As already mentioned, it depends a lot on the installed packages, I have a project with HDRP and ECS and with Unity 2022.3 LTS and a URP 2D project without ECS and the 2D packages with 2023.2 Beta. Here the 2023.2 version feels much faster. However, with 2022.3 there is a difference whether you use URP or HDRP, I find the editor with URP generally faster than with HDRP.
When I start a new project, the first thing I do is uninstall all packages that I don’t need. Sometimes I wish I could already select/remove the packages when creating a project. As a hobbyist who experiments around a lot, I often create new projects.
Depends on how you create the “empty project”. Our “empty” templates in the hub keep adding more and more packages and that significantly impact editor performance. Using “-createProject -upmNoDefaultPackages” will create a truly empty project.

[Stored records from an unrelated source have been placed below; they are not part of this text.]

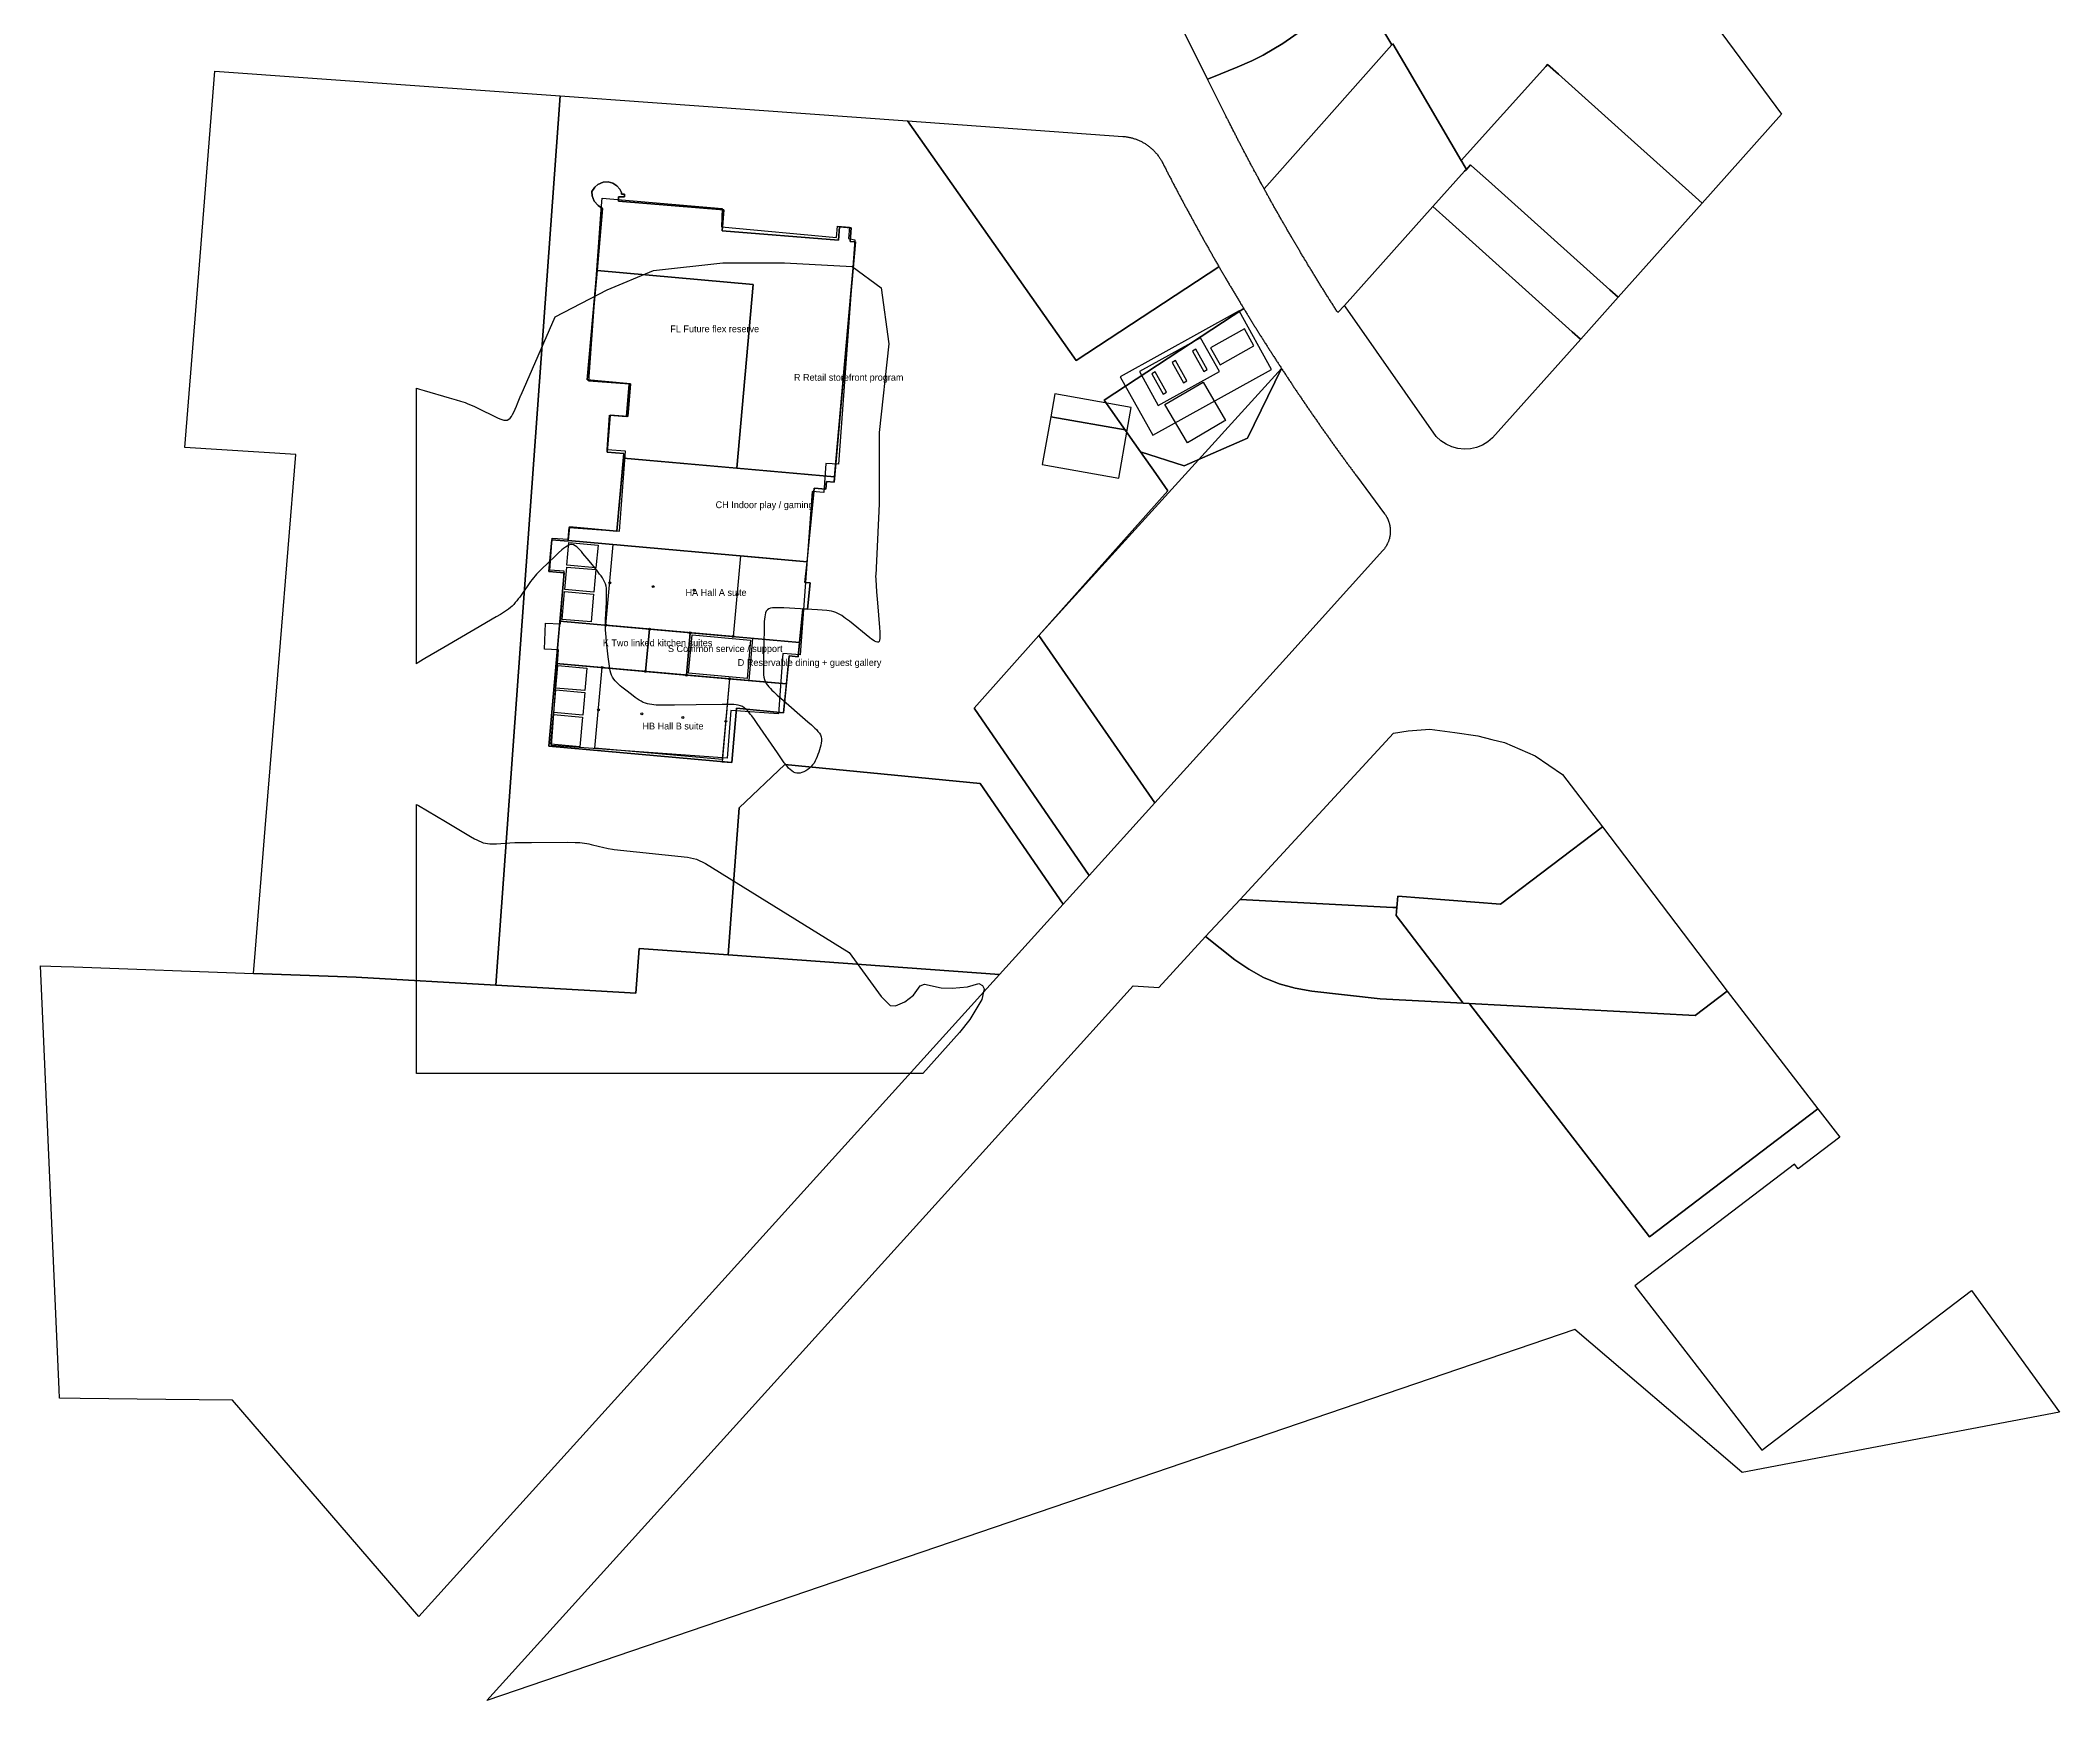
# Model space of a CAD drawing. Header units: feet. Extents: x 810679 to 813470, y 326954 to 329891.
# Drawn here: x 811162 to 813243, y 326954 to 328665 of the extents above; entities that cross this region are included whole.
import ezdxf

# ---------------------------------------------------------------- set-up
doc = ezdxf.new("R2010")
doc.units = ezdxf.units.FT
for name, color, linetype in [('ACQUISITION_OUTLINE_RECORD_LINES', 5, 'Continuous'), ('BROKER_LINE_REFERENCE', 8, 'Continuous'), ('CITY_BUILDING_CHECK', 8, 'Continuous'), ('EXIST_BUILDING_S1', 7, 'Continuous'), ('EXIST_COLUMNS_1997_APPROX', 1, 'Continuous'), ('FLOOD_CITY_REVIEW', 5, 'Continuous'), ('FRONTAGE_INTENDED_PENDING_TITLE', 5, 'Continuous'), ('FUEL_MODULE_TEST_NOT_APPROVED', 2, 'Continuous'), ('LEGACY_1717_PAD_2017', 30, 'Continuous'), ('PARCEL_ACQUISITION_GIS', 1, 'Continuous'), ('PARCEL_CONTEXT_GIS', 8, 'Continuous'), ('PROPOSED_ROOM_STUDY', 4, 'Continuous'), ('PROPOSED_ZONE', 3, 'Continuous')]:
    doc.layers.add(name, color=color, linetype=linetype)

msp = doc.modelspace()

# ---------------------------------------------------------------- linework, layer by layer
at = {"layer": 'ACQUISITION_OUTLINE_RECORD_LINES'}
msp.add_lwpolyline([(811871.3, 327722.3), (811779.6, 327728.9), (811776, 327683), (811734.9, 327685.3), (811631.7, 327691.2), (811698.2, 328607.7), (811793.1, 328600.9), (812056.1, 328582), (812229.9, 328335.1), (812377, 328431.7), (812377.4, 328430.9), (812377.9, 328430.1), (812378.4, 328429.2), (812378.9, 328428.3), (812379.4, 328427.5), (812379.9, 328426.6), (812380.4, 328425.8), (812380.9, 328424.9), (812381.4, 328424), (812381.9, 328423.2), (812382.4, 328422.3), (812382.9, 328421.5), (812383.4, 328420.6), (812383.9, 328419.7), (812384.4, 328418.9), (812384.9, 328418), (812385.4, 328417.1), (812385.9, 328416.3), (812386.5, 328415.4), (812387, 328414.6), (812387.5, 328413.7), (812388, 328412.8), (812388.5, 328412), (812389, 328411.1), (812389.5, 328410.3), (812390, 328409.4), (812390.5, 328408.6), (812391.1, 328407.7), (812391.6, 328406.8), (812392.1, 328406), (812392.6, 328405.1), (812393.1, 328404.3), (812393.6, 328403.4), (812394.1, 328402.6), (812394.6, 328401.7), (812395.1, 328400.8), (812395.6, 328400), (812396.1, 328399.2), (812396.7, 328398.3), (812397.2, 328397.4), (812397.7, 328396.6), (812398.2, 328395.7), (812398.7, 328394.9), (812399.2, 328394), (812399.7, 328393.2), (812400.3, 328392.3), (812400.8, 328391.5), (812401.3, 328390.6), (812401.8, 328389.8), (812402.3, 328388.9), (812402.5, 328388.6), (812402.8, 328388), (812403.4, 328387.2), (812403.9, 328386.4), (812404.4, 328385.5), (812404.9, 328384.6), (812405.4, 328383.8), (812406, 328382.9), (812406.5, 328382.1), (812407, 328381.3), (812407.6, 328380.4), (812408.1, 328379.5), (812408.6, 328378.7), (812409.1, 328377.8), (812409.6, 328377), (812410.1, 328376.2), (812410.7, 328375.3), (812411.2, 328374.4), (812411.7, 328373.6), (812412.2, 328372.8), (812412.7, 328371.9), (812413.3, 328371.1), (812413.8, 328370.2), (812414.4, 328369.4), (812414.9, 328368.5), (812415.4, 328367.7), (812415.9, 328366.8), (812416.5, 328366), (812417, 328365.1), (812417.5, 328364.3), (812418.1, 328363.4), (812418.6, 328362.6), (812419.1, 328361.8), (812419.6, 328360.9), (812420.2, 328360.1), (812420.7, 328359.2), (812421.2, 328358.4), (812421.8, 328357.5), (812422.3, 328356.7), (812422.8, 328355.9), (812423.4, 328355), (812423.9, 328354.2), (812424.4, 328353.3), (812425, 328352.5), (812425.5, 328351.6), (812426, 328350.8), (812426.6, 328349.9), (812427.1, 328349.1), (812427.6, 328348.3), (812428.2, 328347.4), (812428.7, 328346.6), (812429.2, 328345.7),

If you’re upgrading a project, after opening the editor I would open the package manager manifest, delete all but 1 package (leave 1 is important because if you delete them all, editor will automatically re-add all the default ones) and then slowly add 1 by 1 to recover the functionality your project needs. In most cases that will give you a sizeable perf boost.
Totally. As a package URP is heavily evolving and for instance shader X in version N+1 is likely to be pretty different from version N. Then at some point it had also introduced severe shader compilation times regression, but thankfully it’s been fixed since.
Yeah, same here. Perhaps that’s why I could never quite relate to the traditional thinking that 2019 is by far the fastest. It certainly never felt that way for me. And editor perf issues most often turned out to be an issue with the project itself - a script, a setting, a package, or just the corporate antivirus getting triggered by the project’s contents a lot.
Thanks for the info, how can i do the “-createProject -upmNoDefaultPackages” thing? i want to try that but i didn’t understand anything of what you wrote xD
Instead of the creation of the empty project, a better benchmark would be a trivial change to a trivial script in an otherwise empty project. Change
public float picked => 1 + Random.next;
to
public float picked => 2 + Random.next;
Hit the pause button. Then time the full cycle from hitting Save on the script to getting past the first frame of the game Play mode. It’s this full iteration that is dreadful. Two full domain reloads every change.